I encountered the following question while studying the chapter circles.
Find the equation of the circle passing through the points of intersection of the circles $x^2+y^2−2x−4y−4=0$ and $x^2+y^2−10x−12y+40=0$ and whose radius is 4.
I have figured out the following solution.
By using family of circles we get: $$C_1+\lambda C_2=0$$ After substituting the equations of circle, I get an equation in x, y and $\lambda$. I then simplified the equation in form of standard equation and got the radius in terms of $\lambda$. After equating it to the radius given in question, I got 2 values of $\lambda$. I then substituted $\lambda$ in the original equation to get two equations of circle.

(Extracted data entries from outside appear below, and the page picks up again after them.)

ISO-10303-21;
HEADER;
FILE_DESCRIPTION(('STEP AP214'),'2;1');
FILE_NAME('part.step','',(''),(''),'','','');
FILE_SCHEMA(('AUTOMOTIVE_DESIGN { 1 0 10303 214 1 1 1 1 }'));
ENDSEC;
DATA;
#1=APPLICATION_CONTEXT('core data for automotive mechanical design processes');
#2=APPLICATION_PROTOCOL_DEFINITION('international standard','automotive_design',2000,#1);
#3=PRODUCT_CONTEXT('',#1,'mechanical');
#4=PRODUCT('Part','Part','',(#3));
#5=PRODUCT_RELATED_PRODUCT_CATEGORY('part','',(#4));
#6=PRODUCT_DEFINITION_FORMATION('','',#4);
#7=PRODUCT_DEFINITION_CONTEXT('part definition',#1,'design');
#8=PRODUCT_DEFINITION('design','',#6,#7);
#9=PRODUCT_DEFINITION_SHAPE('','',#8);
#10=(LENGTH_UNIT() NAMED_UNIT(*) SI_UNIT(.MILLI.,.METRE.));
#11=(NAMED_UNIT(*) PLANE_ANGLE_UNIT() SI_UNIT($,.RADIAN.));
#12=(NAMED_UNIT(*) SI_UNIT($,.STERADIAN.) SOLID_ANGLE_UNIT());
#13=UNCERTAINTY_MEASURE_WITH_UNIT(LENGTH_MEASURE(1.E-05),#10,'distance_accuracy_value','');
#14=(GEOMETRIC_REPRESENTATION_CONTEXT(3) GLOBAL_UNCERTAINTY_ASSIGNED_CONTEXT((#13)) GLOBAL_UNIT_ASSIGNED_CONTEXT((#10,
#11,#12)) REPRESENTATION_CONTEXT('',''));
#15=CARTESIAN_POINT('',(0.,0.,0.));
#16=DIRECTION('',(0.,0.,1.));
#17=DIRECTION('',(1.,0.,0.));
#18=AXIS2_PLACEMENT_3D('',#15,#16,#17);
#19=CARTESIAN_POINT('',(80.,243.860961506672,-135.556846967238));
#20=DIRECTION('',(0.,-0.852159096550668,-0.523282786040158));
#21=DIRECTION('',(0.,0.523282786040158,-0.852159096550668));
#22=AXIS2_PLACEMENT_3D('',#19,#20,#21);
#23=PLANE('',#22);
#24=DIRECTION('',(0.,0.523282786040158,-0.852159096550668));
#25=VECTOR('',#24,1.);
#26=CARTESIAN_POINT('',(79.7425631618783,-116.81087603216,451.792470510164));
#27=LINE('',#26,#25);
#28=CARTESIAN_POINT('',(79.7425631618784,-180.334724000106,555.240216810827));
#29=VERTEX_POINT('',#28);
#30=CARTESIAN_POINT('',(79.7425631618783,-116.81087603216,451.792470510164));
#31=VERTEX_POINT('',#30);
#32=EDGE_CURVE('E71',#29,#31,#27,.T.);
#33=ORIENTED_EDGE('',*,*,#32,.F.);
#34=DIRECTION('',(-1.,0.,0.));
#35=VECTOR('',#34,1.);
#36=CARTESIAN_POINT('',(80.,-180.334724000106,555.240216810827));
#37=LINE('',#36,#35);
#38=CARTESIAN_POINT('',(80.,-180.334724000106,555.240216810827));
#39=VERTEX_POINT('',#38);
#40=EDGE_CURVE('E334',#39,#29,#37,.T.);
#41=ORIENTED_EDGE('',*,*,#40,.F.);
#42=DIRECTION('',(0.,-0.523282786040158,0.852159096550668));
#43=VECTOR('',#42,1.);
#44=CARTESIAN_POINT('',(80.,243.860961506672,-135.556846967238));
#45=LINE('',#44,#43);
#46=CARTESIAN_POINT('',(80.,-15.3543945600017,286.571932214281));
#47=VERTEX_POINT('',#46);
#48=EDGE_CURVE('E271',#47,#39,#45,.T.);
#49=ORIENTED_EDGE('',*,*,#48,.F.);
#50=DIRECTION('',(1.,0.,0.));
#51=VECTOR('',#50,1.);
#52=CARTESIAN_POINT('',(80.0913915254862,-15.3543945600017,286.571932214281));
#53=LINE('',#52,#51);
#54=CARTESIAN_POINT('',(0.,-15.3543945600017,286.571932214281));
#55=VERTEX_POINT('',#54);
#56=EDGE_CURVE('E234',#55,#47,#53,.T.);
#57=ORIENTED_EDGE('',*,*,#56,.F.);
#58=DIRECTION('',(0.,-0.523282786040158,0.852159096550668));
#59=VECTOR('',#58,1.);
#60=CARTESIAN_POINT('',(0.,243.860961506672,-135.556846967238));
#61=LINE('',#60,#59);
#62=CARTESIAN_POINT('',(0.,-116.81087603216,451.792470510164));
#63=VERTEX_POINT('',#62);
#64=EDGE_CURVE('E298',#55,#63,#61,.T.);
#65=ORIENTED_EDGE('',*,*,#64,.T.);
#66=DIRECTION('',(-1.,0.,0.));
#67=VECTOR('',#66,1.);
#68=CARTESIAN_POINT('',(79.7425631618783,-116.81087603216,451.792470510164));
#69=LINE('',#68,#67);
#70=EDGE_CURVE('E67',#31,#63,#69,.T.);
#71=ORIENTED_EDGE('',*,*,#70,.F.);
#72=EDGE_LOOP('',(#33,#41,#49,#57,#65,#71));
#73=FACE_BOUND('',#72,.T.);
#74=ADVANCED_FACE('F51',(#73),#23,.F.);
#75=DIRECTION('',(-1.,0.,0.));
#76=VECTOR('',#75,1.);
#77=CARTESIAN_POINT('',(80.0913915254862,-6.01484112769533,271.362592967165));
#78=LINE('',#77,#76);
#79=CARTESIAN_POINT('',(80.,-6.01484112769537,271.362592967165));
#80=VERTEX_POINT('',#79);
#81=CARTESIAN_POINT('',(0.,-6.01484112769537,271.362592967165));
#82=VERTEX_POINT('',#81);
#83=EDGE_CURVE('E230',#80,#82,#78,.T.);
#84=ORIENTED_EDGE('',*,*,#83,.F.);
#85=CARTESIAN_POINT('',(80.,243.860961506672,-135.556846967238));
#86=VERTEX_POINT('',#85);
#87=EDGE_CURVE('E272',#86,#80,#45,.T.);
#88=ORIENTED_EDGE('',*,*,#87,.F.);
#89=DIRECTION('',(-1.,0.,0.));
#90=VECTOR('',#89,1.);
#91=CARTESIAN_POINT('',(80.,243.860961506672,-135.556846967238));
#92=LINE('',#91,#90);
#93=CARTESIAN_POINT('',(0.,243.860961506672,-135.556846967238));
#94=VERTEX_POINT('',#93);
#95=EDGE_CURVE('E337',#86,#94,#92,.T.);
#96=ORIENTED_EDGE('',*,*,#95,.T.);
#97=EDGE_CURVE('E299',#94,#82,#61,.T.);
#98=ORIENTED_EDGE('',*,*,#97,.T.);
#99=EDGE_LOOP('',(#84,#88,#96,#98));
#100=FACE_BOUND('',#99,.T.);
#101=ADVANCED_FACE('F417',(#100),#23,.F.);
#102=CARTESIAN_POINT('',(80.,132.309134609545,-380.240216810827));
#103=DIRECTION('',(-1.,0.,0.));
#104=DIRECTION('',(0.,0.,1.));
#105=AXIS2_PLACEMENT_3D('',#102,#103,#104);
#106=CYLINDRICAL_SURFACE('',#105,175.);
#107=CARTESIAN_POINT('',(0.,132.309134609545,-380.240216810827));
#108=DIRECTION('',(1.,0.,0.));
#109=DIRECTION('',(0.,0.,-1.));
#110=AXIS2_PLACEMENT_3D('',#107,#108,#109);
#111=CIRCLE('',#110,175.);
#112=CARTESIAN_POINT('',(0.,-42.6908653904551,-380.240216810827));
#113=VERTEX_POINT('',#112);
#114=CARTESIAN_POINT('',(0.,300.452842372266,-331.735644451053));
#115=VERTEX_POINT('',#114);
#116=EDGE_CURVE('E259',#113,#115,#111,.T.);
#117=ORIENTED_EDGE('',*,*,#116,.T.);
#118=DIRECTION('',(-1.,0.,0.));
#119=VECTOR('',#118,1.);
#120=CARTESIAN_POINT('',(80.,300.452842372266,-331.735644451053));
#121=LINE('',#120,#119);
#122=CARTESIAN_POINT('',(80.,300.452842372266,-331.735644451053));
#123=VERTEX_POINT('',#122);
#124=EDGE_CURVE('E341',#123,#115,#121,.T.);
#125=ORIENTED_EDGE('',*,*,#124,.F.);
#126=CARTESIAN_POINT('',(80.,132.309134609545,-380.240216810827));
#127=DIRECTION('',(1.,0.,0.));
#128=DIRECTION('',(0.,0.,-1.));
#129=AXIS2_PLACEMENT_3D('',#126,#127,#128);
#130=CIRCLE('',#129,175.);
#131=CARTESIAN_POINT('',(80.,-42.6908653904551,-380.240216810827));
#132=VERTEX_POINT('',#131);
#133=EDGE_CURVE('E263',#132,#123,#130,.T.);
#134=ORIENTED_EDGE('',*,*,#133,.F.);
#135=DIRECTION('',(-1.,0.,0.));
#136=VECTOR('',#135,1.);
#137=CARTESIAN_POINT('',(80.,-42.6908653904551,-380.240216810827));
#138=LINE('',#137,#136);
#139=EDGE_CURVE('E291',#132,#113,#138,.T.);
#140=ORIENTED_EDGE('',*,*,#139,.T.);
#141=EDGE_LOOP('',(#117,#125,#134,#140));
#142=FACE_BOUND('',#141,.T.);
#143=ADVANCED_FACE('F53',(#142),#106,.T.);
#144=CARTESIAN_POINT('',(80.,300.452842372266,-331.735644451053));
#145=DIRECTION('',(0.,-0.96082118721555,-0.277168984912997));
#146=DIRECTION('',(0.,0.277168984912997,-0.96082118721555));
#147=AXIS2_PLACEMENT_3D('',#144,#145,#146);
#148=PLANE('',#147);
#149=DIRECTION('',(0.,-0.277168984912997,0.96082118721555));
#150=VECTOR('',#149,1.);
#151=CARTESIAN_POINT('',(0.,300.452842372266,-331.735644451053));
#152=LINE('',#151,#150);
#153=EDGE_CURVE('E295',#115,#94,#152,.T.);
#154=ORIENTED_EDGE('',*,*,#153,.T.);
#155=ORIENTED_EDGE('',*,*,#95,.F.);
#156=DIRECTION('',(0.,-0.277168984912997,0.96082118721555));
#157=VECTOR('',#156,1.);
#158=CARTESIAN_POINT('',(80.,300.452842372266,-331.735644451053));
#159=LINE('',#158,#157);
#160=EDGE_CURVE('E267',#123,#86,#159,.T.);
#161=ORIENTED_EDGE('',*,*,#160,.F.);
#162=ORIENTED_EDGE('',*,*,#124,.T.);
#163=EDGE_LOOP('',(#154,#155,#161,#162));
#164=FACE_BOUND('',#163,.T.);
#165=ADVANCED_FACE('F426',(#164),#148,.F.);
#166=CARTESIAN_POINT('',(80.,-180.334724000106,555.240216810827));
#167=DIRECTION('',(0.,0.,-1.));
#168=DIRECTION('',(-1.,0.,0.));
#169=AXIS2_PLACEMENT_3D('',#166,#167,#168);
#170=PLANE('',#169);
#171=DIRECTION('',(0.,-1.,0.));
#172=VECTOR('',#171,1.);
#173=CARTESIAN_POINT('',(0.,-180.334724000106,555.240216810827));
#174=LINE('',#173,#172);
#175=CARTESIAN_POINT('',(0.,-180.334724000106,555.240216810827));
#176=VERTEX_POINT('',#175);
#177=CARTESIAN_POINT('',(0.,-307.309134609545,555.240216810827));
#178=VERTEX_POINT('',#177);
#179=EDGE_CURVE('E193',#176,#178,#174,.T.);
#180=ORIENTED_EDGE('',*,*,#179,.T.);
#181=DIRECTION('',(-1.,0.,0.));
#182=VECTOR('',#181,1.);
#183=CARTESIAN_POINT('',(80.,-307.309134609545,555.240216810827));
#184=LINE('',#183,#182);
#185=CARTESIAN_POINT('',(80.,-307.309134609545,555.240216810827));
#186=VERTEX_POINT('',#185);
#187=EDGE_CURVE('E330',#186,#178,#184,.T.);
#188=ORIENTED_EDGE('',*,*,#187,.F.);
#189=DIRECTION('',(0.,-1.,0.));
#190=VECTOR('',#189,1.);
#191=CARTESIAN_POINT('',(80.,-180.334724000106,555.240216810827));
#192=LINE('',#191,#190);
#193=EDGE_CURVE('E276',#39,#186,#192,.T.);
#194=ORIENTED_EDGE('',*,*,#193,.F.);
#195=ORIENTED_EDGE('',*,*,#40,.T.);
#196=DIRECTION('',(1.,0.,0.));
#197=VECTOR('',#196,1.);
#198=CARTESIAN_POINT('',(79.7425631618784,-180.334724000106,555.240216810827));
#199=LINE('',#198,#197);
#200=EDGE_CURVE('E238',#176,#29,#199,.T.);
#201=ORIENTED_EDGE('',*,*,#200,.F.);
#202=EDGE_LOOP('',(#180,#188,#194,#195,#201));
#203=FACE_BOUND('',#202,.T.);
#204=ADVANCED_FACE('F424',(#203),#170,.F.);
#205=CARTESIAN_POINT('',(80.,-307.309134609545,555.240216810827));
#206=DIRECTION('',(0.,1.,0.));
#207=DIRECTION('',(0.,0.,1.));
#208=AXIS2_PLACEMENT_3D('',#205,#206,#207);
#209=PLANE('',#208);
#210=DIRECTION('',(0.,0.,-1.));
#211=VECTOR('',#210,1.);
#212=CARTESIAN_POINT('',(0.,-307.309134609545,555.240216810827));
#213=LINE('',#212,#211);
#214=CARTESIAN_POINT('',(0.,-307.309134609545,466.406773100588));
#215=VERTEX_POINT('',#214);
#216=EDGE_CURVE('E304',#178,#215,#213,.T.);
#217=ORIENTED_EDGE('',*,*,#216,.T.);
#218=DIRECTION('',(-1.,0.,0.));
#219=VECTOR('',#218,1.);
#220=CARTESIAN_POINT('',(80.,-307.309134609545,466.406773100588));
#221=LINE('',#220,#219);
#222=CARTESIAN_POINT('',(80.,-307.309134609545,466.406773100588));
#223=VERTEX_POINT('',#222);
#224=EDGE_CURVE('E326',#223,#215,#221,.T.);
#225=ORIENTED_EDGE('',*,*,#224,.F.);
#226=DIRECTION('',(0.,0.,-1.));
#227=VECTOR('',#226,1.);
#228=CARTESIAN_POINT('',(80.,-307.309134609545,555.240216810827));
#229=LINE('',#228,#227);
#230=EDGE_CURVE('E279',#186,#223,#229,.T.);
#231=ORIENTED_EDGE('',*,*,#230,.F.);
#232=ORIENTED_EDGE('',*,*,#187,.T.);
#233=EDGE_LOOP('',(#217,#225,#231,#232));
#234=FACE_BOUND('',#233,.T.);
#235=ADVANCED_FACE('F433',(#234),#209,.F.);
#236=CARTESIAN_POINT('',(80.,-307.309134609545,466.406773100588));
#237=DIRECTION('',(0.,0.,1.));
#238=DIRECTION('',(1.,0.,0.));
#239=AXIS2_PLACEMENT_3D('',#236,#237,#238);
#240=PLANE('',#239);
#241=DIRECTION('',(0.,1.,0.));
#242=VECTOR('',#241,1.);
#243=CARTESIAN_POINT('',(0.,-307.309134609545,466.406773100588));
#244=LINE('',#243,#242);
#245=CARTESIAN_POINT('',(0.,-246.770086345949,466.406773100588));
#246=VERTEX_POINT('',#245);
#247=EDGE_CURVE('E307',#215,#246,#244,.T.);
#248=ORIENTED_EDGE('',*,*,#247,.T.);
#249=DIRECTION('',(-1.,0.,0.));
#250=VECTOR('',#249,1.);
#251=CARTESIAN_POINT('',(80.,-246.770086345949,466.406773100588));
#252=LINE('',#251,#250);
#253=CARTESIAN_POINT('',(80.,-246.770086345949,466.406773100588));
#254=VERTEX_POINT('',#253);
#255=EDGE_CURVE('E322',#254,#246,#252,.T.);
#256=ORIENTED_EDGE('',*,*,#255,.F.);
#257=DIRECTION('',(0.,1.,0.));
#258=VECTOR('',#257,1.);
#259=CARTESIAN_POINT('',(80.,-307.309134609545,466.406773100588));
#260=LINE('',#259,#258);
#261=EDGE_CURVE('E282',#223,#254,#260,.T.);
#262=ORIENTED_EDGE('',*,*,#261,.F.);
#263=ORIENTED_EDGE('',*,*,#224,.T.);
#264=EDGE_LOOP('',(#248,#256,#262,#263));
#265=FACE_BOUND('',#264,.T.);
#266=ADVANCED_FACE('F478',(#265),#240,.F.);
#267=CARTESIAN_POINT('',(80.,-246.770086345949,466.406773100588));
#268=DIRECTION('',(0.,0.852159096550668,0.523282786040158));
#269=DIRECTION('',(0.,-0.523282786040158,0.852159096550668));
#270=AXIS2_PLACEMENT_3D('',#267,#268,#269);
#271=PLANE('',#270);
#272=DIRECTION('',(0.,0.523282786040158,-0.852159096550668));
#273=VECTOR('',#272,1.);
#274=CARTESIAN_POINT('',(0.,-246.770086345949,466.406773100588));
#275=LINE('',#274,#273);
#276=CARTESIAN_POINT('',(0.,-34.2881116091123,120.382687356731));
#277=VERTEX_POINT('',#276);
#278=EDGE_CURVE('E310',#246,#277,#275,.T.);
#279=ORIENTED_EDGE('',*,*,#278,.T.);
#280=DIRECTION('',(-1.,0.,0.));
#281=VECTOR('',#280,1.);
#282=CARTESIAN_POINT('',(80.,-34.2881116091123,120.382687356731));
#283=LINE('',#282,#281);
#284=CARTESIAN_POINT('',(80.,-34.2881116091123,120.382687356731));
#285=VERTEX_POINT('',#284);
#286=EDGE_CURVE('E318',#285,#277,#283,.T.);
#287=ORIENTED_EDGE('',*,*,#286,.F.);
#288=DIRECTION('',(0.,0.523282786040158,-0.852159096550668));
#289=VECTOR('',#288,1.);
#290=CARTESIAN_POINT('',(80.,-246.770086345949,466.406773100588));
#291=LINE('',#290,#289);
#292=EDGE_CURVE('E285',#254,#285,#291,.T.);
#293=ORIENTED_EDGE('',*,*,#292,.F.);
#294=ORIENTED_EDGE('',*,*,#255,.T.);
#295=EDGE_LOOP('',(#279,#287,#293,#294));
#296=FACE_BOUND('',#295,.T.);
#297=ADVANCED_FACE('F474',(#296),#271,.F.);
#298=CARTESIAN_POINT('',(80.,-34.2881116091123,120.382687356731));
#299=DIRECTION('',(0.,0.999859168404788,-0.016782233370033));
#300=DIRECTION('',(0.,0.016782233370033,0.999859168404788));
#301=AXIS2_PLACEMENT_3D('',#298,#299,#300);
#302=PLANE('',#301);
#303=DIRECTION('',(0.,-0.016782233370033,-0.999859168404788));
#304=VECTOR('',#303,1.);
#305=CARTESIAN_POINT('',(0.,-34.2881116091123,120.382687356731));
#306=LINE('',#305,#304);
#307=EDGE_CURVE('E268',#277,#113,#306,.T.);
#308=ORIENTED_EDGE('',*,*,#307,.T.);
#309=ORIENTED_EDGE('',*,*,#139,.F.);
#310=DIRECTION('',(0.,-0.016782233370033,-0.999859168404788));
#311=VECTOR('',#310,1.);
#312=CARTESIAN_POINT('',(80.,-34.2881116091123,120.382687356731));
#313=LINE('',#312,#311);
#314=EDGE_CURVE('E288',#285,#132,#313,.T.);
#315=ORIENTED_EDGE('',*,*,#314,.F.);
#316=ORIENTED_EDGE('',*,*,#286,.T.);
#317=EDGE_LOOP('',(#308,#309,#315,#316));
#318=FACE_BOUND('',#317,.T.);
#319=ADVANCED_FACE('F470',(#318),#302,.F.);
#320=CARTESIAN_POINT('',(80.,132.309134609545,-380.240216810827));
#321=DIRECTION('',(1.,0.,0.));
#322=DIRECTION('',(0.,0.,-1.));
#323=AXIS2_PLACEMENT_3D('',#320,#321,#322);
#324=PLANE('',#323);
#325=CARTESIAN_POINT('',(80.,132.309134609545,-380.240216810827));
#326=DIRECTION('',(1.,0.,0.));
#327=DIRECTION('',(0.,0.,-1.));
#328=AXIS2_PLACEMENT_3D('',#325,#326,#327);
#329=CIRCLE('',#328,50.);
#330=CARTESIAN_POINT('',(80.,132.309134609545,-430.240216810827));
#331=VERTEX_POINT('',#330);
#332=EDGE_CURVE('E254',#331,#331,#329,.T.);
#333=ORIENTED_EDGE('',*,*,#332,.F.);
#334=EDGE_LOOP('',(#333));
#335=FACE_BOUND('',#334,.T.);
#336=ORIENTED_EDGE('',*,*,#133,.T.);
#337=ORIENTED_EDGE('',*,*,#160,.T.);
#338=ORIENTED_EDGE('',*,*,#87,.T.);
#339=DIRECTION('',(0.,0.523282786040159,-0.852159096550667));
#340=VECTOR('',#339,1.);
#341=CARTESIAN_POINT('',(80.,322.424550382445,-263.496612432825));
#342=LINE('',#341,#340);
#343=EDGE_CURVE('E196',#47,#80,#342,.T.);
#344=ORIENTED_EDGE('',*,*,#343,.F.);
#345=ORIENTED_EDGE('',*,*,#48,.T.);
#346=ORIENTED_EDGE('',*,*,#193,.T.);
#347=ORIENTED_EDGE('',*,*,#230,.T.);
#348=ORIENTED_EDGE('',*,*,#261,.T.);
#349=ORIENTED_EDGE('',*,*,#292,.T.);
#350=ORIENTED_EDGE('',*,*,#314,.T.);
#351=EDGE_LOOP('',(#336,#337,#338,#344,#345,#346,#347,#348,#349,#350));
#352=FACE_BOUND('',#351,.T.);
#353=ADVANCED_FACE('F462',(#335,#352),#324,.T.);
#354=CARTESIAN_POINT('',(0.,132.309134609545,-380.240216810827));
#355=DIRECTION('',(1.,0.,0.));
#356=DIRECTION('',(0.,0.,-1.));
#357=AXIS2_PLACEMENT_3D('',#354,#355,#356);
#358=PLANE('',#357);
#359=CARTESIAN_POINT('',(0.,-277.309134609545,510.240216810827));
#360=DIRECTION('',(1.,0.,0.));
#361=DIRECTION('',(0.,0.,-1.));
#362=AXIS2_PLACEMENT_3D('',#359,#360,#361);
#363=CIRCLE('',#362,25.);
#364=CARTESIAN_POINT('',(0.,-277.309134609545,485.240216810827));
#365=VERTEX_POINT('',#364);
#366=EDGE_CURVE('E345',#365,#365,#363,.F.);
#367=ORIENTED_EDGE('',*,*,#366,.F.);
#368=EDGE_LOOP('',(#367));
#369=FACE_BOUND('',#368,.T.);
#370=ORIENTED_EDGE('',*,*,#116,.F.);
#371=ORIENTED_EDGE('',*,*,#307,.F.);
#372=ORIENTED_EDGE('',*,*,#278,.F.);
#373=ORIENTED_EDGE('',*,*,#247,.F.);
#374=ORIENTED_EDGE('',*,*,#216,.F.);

Now, this process might seem easy but it is way too long and complicated. Is there any other shorter and a bit less complicated method to solve it?
It is not too hard to convince yourself by geometrical considerations that, since the line joining the centers of the two circles is the perpendicular bisector of the chord connecting the two intersection points, and also since the center of the circle(s) has to be distance 4 away from BOTH intersection points, it follows that it belongs to the perpendicular bisector, none other than the line joining the two centers!
Center of circle 1 is $P_1(1,2)$ and circle 2 $P_2(5,6)$ and thus the line joining them has equation $$y=2+\frac{6-2}{5-1}(x-1)=x+1$$
The equation of the chord is also not too hard to find, as pointed out by @Hyperion, by equating the two equations of the circle
$$y=\frac{44}{8}-x$$
This line is indeed perpendicular to the line joining the centers.
Now find the point of intersection of these two lines, which is the middle $M$ of the shared chord.
$$M:x+1=\frac{44}{8}-x\Rightarrow M(x_M, y_M=x_M+1)=M(\frac{9}{4}, \frac{13}{4})$$
Last thing we need to do is figure out the length of the chord, $2h$, where $h$ is the height of either triangle formed by $P_1, P_2$ and one of the intersection points. Since we know the distance between the centers $d=4\sqrt{2}$ and the radii of the circles $r_1=3, r_2=\sqrt{21}$, it's not too hard to show that the height is given by the formula
$$h^2=r_1^2-\frac{(r_1^2-r_2^2+d^2)^2}{4d^2}$$
and then the distance of the center of the circle of radius $4$ (we call it say $P(x_0, x_0+1)$) is is located on the line joining the centers, a distance from M equal to
$$|PM|=\sqrt{4^2-h^2}$$
and then the following quadratic equation has to be solved:
$$(x_0-x_M)^2+(x_0+1-y_M)^2=|PM|^2\Rightarrow 2(x_0-x_M)^2=|PM|^2\Rightarrow \{x_0=\frac{9}{4}\pm\frac{|PM|}{\sqrt{2}},y_0=\frac{13}{4}\pm\frac{|PM|}{\sqrt{2}}\}$$
and this gives the position of the center of the two circles possible.
In this problem $h^2=\frac{47}{8}$ and $|PM|=\frac{9}{2\sqrt{2}}$ which means that the two centers have coordinates
$$(0,1)~~,~~(9/2, 11/2)$$
In conclusion, I do not see this way being a lot simpler than the original, but it has the merit that there's no need to solve "complicated" quadratic equations.